From what I'm reading it sounds like MDO or HDO plywood is the way to go. The local Menard's has 1/2 inch MDO at $50 a sheet. It may not even need coating so that is a plus. I wonder if painting or treating with some Thompson's would be enough. I guess sealing it with epoxy resin would further insure weatherproofing.


----------



## lckstckn2smknbrls (Apr 10, 2016)

You can ix up your own sealer from 1 part boiled linseed oil 1 part spar varnish or urethane and 2 parts mineral spirts. 
On another boat site it's called the Old Timers Formula and it is used quite often to seal exterior grade plywood with great results.


----------



## -CN- (Apr 11, 2016)

richg99 said:


> Yep, re marine grade vinyl. I am using \/this\/ stuff.
> 
> Now, it is NOT as "fluffy" or thick as their picture makes it appear. I am happy with it.
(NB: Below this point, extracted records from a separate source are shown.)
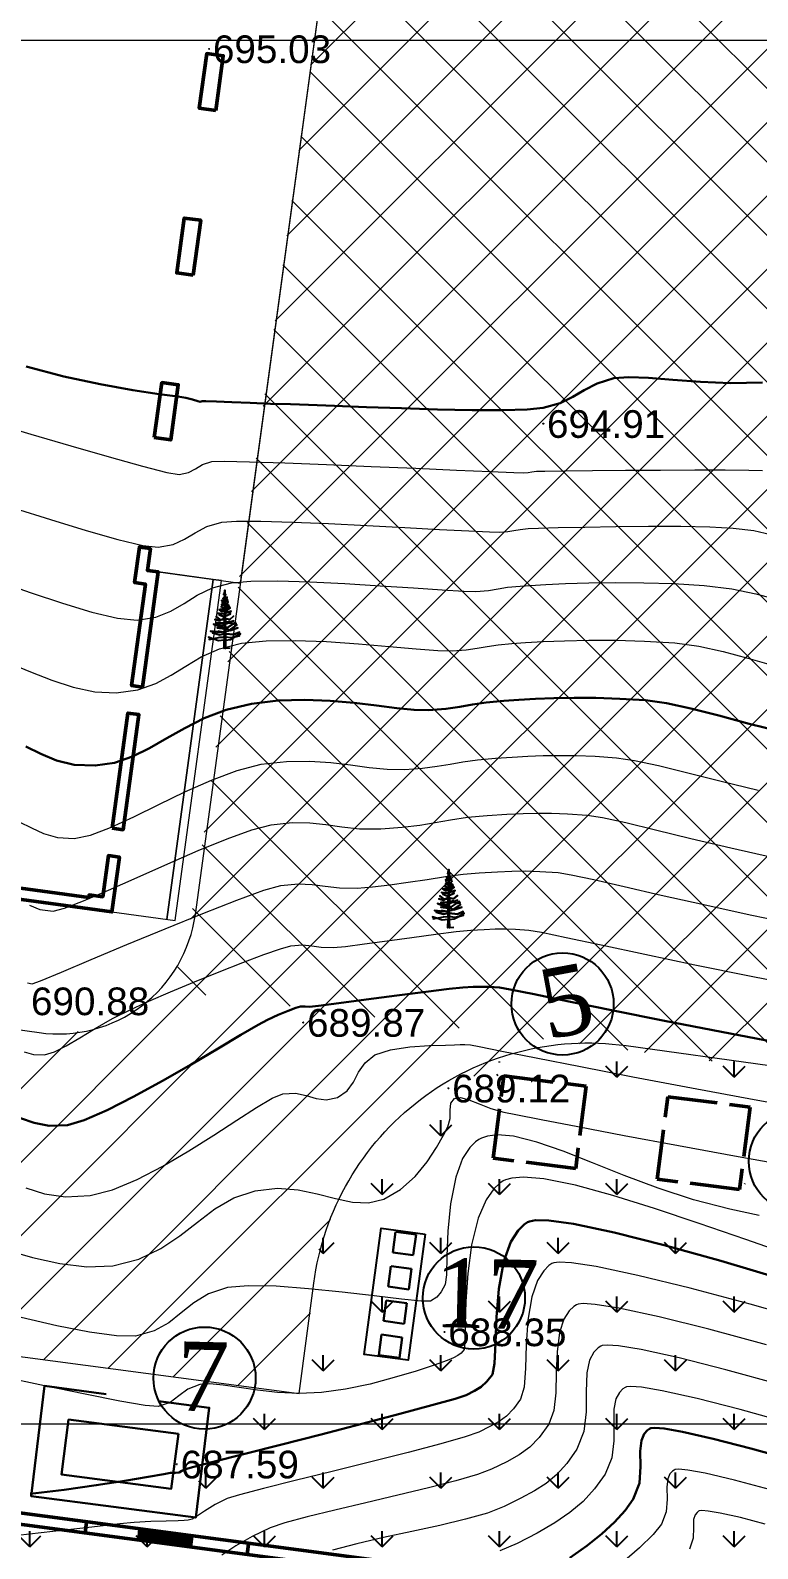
# Model space of a CAD drawing. Header units: feet. Extents: x 3381 to 1374491, y 675186 to 8751562.
# Drawn here: x 686522.2 to 686548.5, y 4375356.7 to 4375411.5 of the extents above; entities that cross this region are included whole.
import ezdxf

# ---------------------------------------------------------------- set-up
doc = ezdxf.new("R2010")
doc.units = ezdxf.units.FT
doc.header["$MEASUREMENT"] = 0
doc.header["$PDMODE"] = 34
doc.header["$PDSIZE"] = 0.01
doc.linetypes.add('ACAD_ISO02W100', pattern=[15, 12, -3])
doc.linetypes.add('DUZ', pattern=[0])
doc.layers.get('0').update_dxf_attribs({"linetype": 'CONTINUOUS'})
for name, color, linetype in [('0_Point_Height', 2, 'CONTINUOUS'), ('0_Point_Point', 7, 'CONTINUOUS'), ('Aqaclar', 3, 'CONTINUOUS'), ('Layer8', 7, 'CONTINUOUS')]:
    doc.layers.add(name, color=color, linetype=linetype)
for name, color, linetype, lineweight in [('ANA HORIZONTAL', 24, 'CONTINUOUS', 30), ('HORIZANTAL', 24, 'CONTINUOUS', 13), ('km setka', 170, 'CONTINUOUS', 15), ('yol 6m', 250, 'CONTINUOUS', 30)]:
    doc.layers.add(name, color=color, linetype=linetype, lineweight=lineweight)
doc.styles.get("Standard").update_dxf_attribs({"font": 'arial.ttf', "height": 2.5})
doc.styles.add('style5', font='ariall.ttf', dxfattribs={"height": 400})
doc.linetypes.add('FENCELINE2', pattern='A,6.35,-2.54,[132,ltypeshp.shx,S=2.54,R=0,X=-2.54,Y=0],-2.54,25.4', length=36.83)
pattern_1 = [(44.9882312419, (546.404503, -538.03932), (-0.0265110571503, 0.02652195031993), [])]

msp = doc.modelspace()

# ---------------------------------------------------------------- hatches: boundary and pattern name
at = {"lineweight": 25}
h = msp.add_hatch(dxfattribs=at)
h.set_pattern_fill('GRASS', color=3, scale=3)
h.set_pattern_definition([(90, (3.5065, 27.466), (-2.121320343, 2.121320343), [0.5625, -3.680140689]), (45, (3.5065, 27.466), (-2.1213203436, 2.1213203436), [0.5625, -2.4375]), (135, (3.5065, 27.466), (-2.1213203436, -2.1213203436), [0.5625, -2.4375])])
edge = h.paths.add_edge_path(flags=16)
edge.add_arc((686469.241, 4375374.521), 3.56, 0, 360)
edge = h.paths.add_edge_path()
edge.add_line((686472.034, 4375376.729), (686476.571, 4375376.121))
edge.add_line((686476.571, 4375376.121), (686476.958, 4375379.01))
edge.add_line((686476.958, 4375379.01), (686469.631, 4375380))
edge.add_line((686469.631, 4375380), (686471.772, 4375395.856))
edge.add_line((686471.772, 4375395.856), (686480.145, 4375394.725))
edge.add_line((686480.145, 4375394.725), (686480.872, 4375400.108))
edge.add_line((686480.872, 4375400.108), (686476.22, 4375400.78))
edge.add_line((686476.22, 4375400.78), (686477.034, 4375406.421))
edge.add_line((686477.034, 4375406.421), (686485.156, 4375405.268))
edge.add_line((686485.156, 4375405.268), (686488.902, 4375432.383))
edge.add_line((686488.902, 4375432.383), (686488.995, 4375433.072))
edge.add_line((686488.995, 4375433.072), (686488.725, 4375432.579))
edge.add_line((686488.725, 4375432.579), (686451.187, 4375359.25))
edge.add_line((686451.187, 4375359.25), (686542.782, 4375331.373))
edge.add_line((686542.782, 4375331.373), (686574.64, 4375412.014))
edge.add_line((686574.64, 4375412.014), (686567.529, 4375414.735))
edge.add_line((686567.529, 4375414.735), (686565.775, 4375410.151))
edge.add_line((686565.775, 4375410.151), (686557.411, 4375413.085))
edge.add_arc((686716.84, 4375348.2), 172.127, 157.85455, 159.31778)
edge.add_line((686555.806, 4375408.992), (686569.171, 4375407.196))
edge.add_line((686569.171, 4375407.196), (686568.429, 4375401.948))
edge.add_line((686568.429, 4375401.948), (686555.1, 4375403.755))
edge.add_arc((686555.4, 4375400.614), 3.155, 95.4615, 167.5925)
edge.add_line((686552.319, 4375401.292), (686552.319, 4375400.337))
edge.add_line((686552.319, 4375400.337), (686553.986, 4375400.73))
edge.add_line((686553.986, 4375400.73), (686559.578, 4375399.751))
edge.add_line((686559.578, 4375399.751), (686557.628, 4375386.568))
edge.add_line((686557.628, 4375386.568), (686557.408, 4375386.568))
edge.add_line((686557.408, 4375386.568), (686552.319, 4375387.285))
edge.add_line((686552.319, 4375387.285), (686552.93, 4375392.653))
edge.add_line((686552.93, 4375392.653), (686558.033, 4375391.954))
edge.add_line((686558.033, 4375391.954), (686558.384, 4375394.516))
edge.add_line((686558.384, 4375394.516), (686553.204, 4375395.226))
edge.add_line((686553.204, 4375395.226), (686553.8, 4375400.314))
edge.add_line((686553.8, 4375400.314), (686552.219, 4375400.105))
edge.add_line((686552.219, 4375400.105), (686550.163, 4375384.139))
edge.add_line((686550.163, 4375384.139), (686558.899, 4375382.93))
edge.add_line((686558.899, 4375382.93), (686558.069, 4375375.574))
edge.add_line((686558.069, 4375375.574), (686549.285, 4375376.789))
edge.add_line((686549.285, 4375376.789), (686548.906, 4375374.139))
edge.add_line((686548.906, 4375374.139), (686542.779, 4375374.943))
edge.add_arc((686542.342, 4375364.952), 10, 87.4993, 110.7786)
edge.add_line((686538.795, 4375374.302), (686548.544, 4375372.875))
edge.add_line((686548.544, 4375372.875), (686547.917, 4375369.381))
edge.add_line((686547.917, 4375369.381), (686544.607, 4375369.907))
edge.add_line((686544.607, 4375369.907), (686545, 4375372.981))
edge.add_line((686545, 4375372.981), (686542.469, 4375373.316))
edge.add_line((686542.469, 4375373.316), (686542.064, 4375370.254))
edge.add_line((686542.064, 4375370.254), (686538.74, 4375370.694))
edge.add_line((686538.74, 4375370.694), (686539.093, 4375373.791))
edge.add_line((686539.093, 4375373.791), (686538.298, 4375374.098))
edge.add_arc((686542.512, 4375364.739), 10.263, 114.2395, 179.0096)
edge.add_line((686532.25, 4375364.917), (686531.9, 4375362.281))
edge.add_line((686531.9, 4375362.281), (686528.914, 4375362.608))
edge.add_line((686528.914, 4375362.608), (686528.033, 4375357.745))
edge.add_line((686528.033, 4375357.745), (686519.324, 4375358.958))
edge.add_line((686519.324, 4375358.958), (686520.011, 4375363.859))
edge.add_line((686520.011, 4375363.859), (686513.085, 4375364.778))
edge.add_line((686513.085, 4375364.778), (686512.673, 4375361.668))
edge.add_line((686512.673, 4375361.668), (686486.043, 4375365.261))
edge.add_line((686486.043, 4375365.261), (686475.323, 4375366.805))
edge.add_line((686475.323, 4375366.805), (686476.371, 4375374.635))
edge.add_line((686476.371, 4375374.635), (686472.751, 4375375.12))
edge.add_arc((686469.241, 4375374.521), 3.56, 9.688, 38.3434)
at = {"lineweight": 13}
h = msp.add_hatch(dxfattribs=at)
h.set_pattern_fill('ANSI37', color=256, scale=15)
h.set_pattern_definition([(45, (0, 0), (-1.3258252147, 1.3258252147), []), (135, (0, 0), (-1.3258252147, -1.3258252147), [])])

I put it directly over 1/4 exterior plywood, which was mounted on top of thin aluminum flooring, which has Blue Foam under it.
> 
> ...


I've seen many new boats that come with a mystery surface on their decking from the factory. I've always wondered what it was, figured it was some sort of spray-on like a bedliner, but it is smoother than a bedliner, and looks exactly like the "Shark" or the "Storm Gray" colored marine vinyl shown in your link. I wish I'd known about it before I did carpet!


----------